During my career as a surveyor I saw five booms and five slumps and it is during the inevitable downturn following a boom that the quality of the valuations is paramount because this is when most of the repossessions occur.

When properties are repossessed and sold the lender may suffer a loss and the case will typically be reviewed to see how robust the original valuation was. In the time which has elapsed since the valuation was provided the market may have changed and the condition of the property will probably have deteriorated.

But there is the potential for the lender to claim against the surveyor if the original valuation was found, in retrospect, to have been over optimistic. In contrast the lender’s ability to claim against an AVM provider or a surveyor who prepared a desk top or drive past valuation will be very limited indeed.

Flats

Desk top valuations or drive past inspections may provide fairly accurate and reliable valuations of houses but what about flats? These too can be valued without an internal inspection if sufficient information is available from online sources and the surveyor’s own database.

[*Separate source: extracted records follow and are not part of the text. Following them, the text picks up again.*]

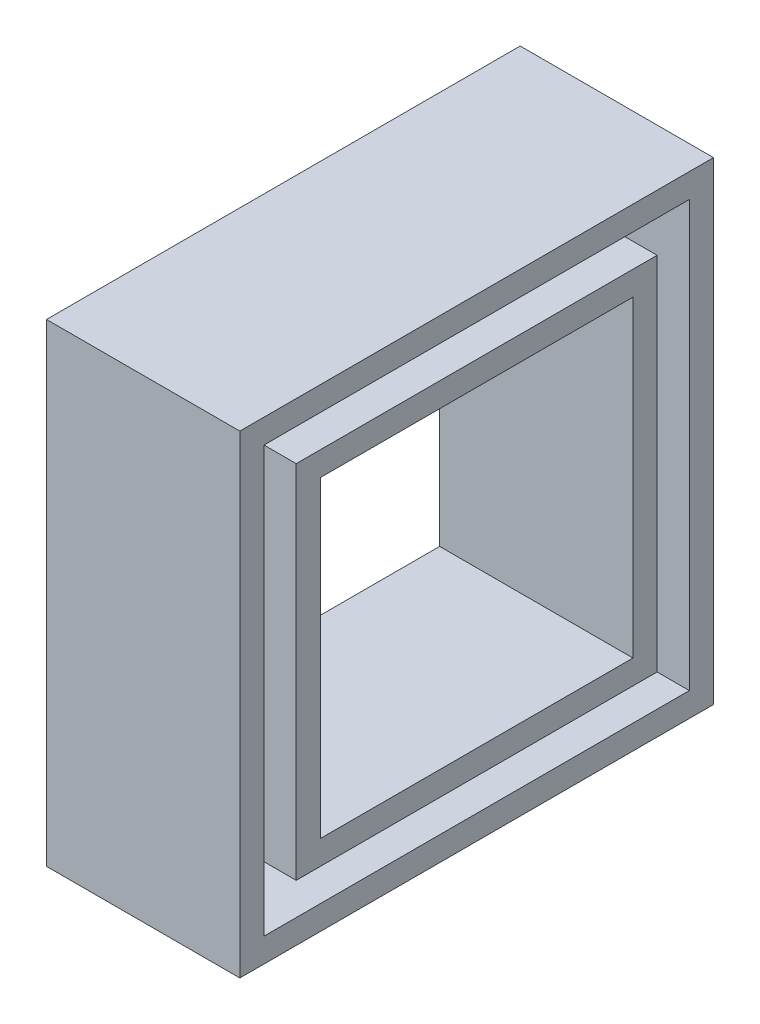
ISO-10303-21;
HEADER;
FILE_DESCRIPTION(('STEP AP214'),'2;1');
FILE_NAME('part.step','',(''),(''),'','','');
FILE_SCHEMA(('AUTOMOTIVE_DESIGN { 1 0 10303 214 1 1 1 1 }'));
ENDSEC;
DATA;
#1=APPLICATION_CONTEXT('core data for automotive mechanical design processes');
#2=APPLICATION_PROTOCOL_DEFINITION('international standard','automotive_design',2000,#1);
#3=PRODUCT_CONTEXT('',#1,'mechanical');
#4=PRODUCT('Part','Part','',(#3));
#5=PRODUCT_RELATED_PRODUCT_CATEGORY('part','',(#4));
#6=PRODUCT_DEFINITION_FORMATION('','',#4);
#7=PRODUCT_DEFINITION_CONTEXT('part definition',#1,'design');
#8=PRODUCT_DEFINITION('design','',#6,#7);
#9=PRODUCT_DEFINITION_SHAPE('','',#8);
#10=(LENGTH_UNIT() NAMED_UNIT(*) SI_UNIT(.MILLI.,.METRE.));
#11=(NAMED_UNIT(*) PLANE_ANGLE_UNIT() SI_UNIT($,.RADIAN.));
#12=(NAMED_UNIT(*) SI_UNIT($,.STERADIAN.) SOLID_ANGLE_UNIT());
#13=UNCERTAINTY_MEASURE_WITH_UNIT(LENGTH_MEASURE(1.E-05),#10,'distance_accuracy_value','');
#14=(GEOMETRIC_REPRESENTATION_CONTEXT(3) GLOBAL_UNCERTAINTY_ASSIGNED_CONTEXT((#13)) GLOBAL_UNIT_ASSIGNED_CONTEXT((#10,
#11,#12)) REPRESENTATION_CONTEXT('',''));
#15=CARTESIAN_POINT('',(0.,0.,0.));
#16=DIRECTION('',(0.,0.,1.));
#17=DIRECTION('',(1.,0.,0.));
#18=AXIS2_PLACEMENT_3D('',#15,#16,#17);
#19=CARTESIAN_POINT('',(10.,0.,0.));
#20=DIRECTION('',(1.,0.,0.));
#21=DIRECTION('',(0.,0.,-1.));
#22=AXIS2_PLACEMENT_3D('',#19,#20,#21);
#23=PLANE('',#22);
#24=DIRECTION('',(0.,0.,1.));
#25=VECTOR('',#24,1.);
#26=CARTESIAN_POINT('',(10.,-3.,0.));
#27=LINE('',#26,#25);
#28=CARTESIAN_POINT('',(10.,-3.,3.));
#29=VERTEX_POINT('',#28);
#30=CARTESIAN_POINT('',(10.,-3.,22.4));
#31=VERTEX_POINT('',#30);
#32=EDGE_CURVE('E309',#29,#31,#27,.T.);
#33=ORIENTED_EDGE('',*,*,#32,.F.);
#34=DIRECTION('',(0.,-1.,0.));
#35=VECTOR('',#34,1.);
#36=CARTESIAN_POINT('',(10.,0.,3.));
#37=LINE('',#36,#35);
#38=CARTESIAN_POINT('',(10.,-22.4,3.));
#39=VERTEX_POINT('',#38);
#40=EDGE_CURVE('E313',#29,#39,#37,.T.);
#41=ORIENTED_EDGE('',*,*,#40,.T.);
#42=DIRECTION('',(0.,0.,1.));
#43=VECTOR('',#42,1.);
#44=CARTESIAN_POINT('',(10.,-22.4,0.));
#45=LINE('',#44,#43);
#46=CARTESIAN_POINT('',(10.,-22.4,22.4));
#47=VERTEX_POINT('',#46);
#48=EDGE_CURVE('E317',#39,#47,#45,.T.);
#49=ORIENTED_EDGE('',*,*,#48,.T.);
#50=DIRECTION('',(0.,-1.,0.));
#51=VECTOR('',#50,1.);
#52=CARTESIAN_POINT('',(10.,0.,22.4));
#53=LINE('',#52,#51);
#54=EDGE_CURVE('E320',#31,#47,#53,.T.);
#55=ORIENTED_EDGE('',*,*,#54,.F.);
#56=EDGE_LOOP('',(#33,#41,#49,#55));
#57=FACE_BOUND('',#56,.T.);
#58=DIRECTION('',(0.,1.,0.));
#59=VECTOR('',#58,1.);
#60=CARTESIAN_POINT('',(10.,-1.5,1.5));
#61=LINE('',#60,#59);
#62=CARTESIAN_POINT('',(10.,-23.9,1.5));
#63=VERTEX_POINT('',#62);
#64=CARTESIAN_POINT('',(10.,-1.5,1.5));
#65=VERTEX_POINT('',#64);
#66=EDGE_CURVE('E245',#63,#65,#61,.T.);
#67=ORIENTED_EDGE('',*,*,#66,.T.);
#68=DIRECTION('',(0.,0.,1.));
#69=VECTOR('',#68,1.);
#70=CARTESIAN_POINT('',(10.,-1.5,23.9));
#71=LINE('',#70,#69);
#72=CARTESIAN_POINT('',(10.,-1.5,23.9));
#73=VERTEX_POINT('',#72);
#74=EDGE_CURVE('E210',#65,#73,#71,.T.);
#75=ORIENTED_EDGE('',*,*,#74,.T.);
#76=DIRECTION('',(0.,-1.,0.));
#77=VECTOR('',#76,1.);
#78=CARTESIAN_POINT('',(10.,-1.5,23.9));
#79=LINE('',#78,#77);
#80=CARTESIAN_POINT('',(10.,-23.9,23.9));
#81=VERTEX_POINT('',#80);
#82=EDGE_CURVE('E252',#73,#81,#79,.T.);
#83=ORIENTED_EDGE('',*,*,#82,.T.);
#84=DIRECTION('',(0.,0.,-1.));
#85=VECTOR('',#84,1.);
#86=CARTESIAN_POINT('',(10.,-23.9,23.9));
#87=LINE('',#86,#85);
#88=EDGE_CURVE('E80',#81,#63,#87,.T.);
#89=ORIENTED_EDGE('',*,*,#88,.T.);
#90=EDGE_LOOP('',(#67,#75,#83,#89));
#91=FACE_BOUND('',#90,.T.);
#92=ADVANCED_FACE('F64',(#57,#91),#23,.T.);
#93=CARTESIAN_POINT('',(10.,-3.,0.));
#94=DIRECTION('',(0.,-1.,0.));
#95=DIRECTION('',(0.,0.,-1.));
#96=AXIS2_PLACEMENT_3D('',#93,#94,#95);
#97=PLANE('',#96);
#98=DIRECTION('',(-1.,0.,0.));
#99=VECTOR('',#98,1.);
#100=CARTESIAN_POINT('',(10.,-3.,22.4));
#101=LINE('',#100,#99);
#102=CARTESIAN_POINT('',(-2.,-3.,22.4));
#103=VERTEX_POINT('',#102);
#104=EDGE_CURVE('E324',#31,#103,#101,.T.);
#105=ORIENTED_EDGE('',*,*,#104,.T.);
#106=DIRECTION('',(0.,0.,-1.));
#107=VECTOR('',#106,1.);
#108=CARTESIAN_POINT('',(-2.,-3.,3.));
#109=LINE('',#108,#107);
#110=CARTESIAN_POINT('',(-2.,-3.,3.));
#111=VERTEX_POINT('',#110);
#112=EDGE_CURVE('E280',#103,#111,#109,.T.);
#113=ORIENTED_EDGE('',*,*,#112,.T.);
#114=DIRECTION('',(-1.,0.,0.));
#115=VECTOR('',#114,1.);
#116=CARTESIAN_POINT('',(10.,-3.,3.));
#117=LINE('',#116,#115);
#118=EDGE_CURVE('E12',#29,#111,#117,.T.);
#119=ORIENTED_EDGE('',*,*,#118,.F.);
#120=ORIENTED_EDGE('',*,*,#32,.T.);
#121=EDGE_LOOP('',(#105,#113,#119,#120));
#122=FACE_BOUND('',#121,.T.);
#123=ADVANCED_FACE('F66',(#122),#97,.T.);
#124=CARTESIAN_POINT('',(10.,0.,3.));
#125=DIRECTION('',(0.,0.,-1.));
#126=DIRECTION('',(0.,1.,0.));
#127=AXIS2_PLACEMENT_3D('',#124,#125,#126);
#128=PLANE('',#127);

The database will typically provide details of previous market transactions and other surveyor’s reports and a surveyor with local knowledge may well be familiar with the block and its internal layout.

Local knowledge is important because flats may be built using unusual or non-standard constructions and be potentially unsuitable security.

High rise blocks may be covered with cladding – a significant issue following Grenfell and which may not be apparent from a computer street view of the block. If in doubt a surveyor will advise the lender that a full inspection is necessary.

HMOs

Typically, Houses in Multiple Occupation (HMOs) are larger, older houses where there is limited demand for such properties for owner-occupation and the purchasers are mainly investors.

The mortgages lent on these properties are business loans and the valuation could well be prepared on the basis of an external inspection if the other essential information is available.

The documentation needed to value an HMO would typically include three years audited accounts, a schedule of the accommodation, copies of the tenancy agreements and the licence from the local authority.

There is often a big difference between the gross monthly rental income when a HMO is fully let and the net income allowing for voids, depreciation of furniture and equipment, bad debts and management.

Most HMOs are sold by investors to investors. If they are sold vacant for conversion into single family dwellings there will be a significant discount because the accommodation will typically have to be re-configured back into a family house.

Consolidation within the surveying industry is inevitable with pressure to reduce costs and surveyor numbers. Lenders increasingly favour AVMs, desk tops and drive pasts as cost effective and efficient means of providing valuations. Now, the experience of a lockdown when property inspections have not been possible has accelerated this trend.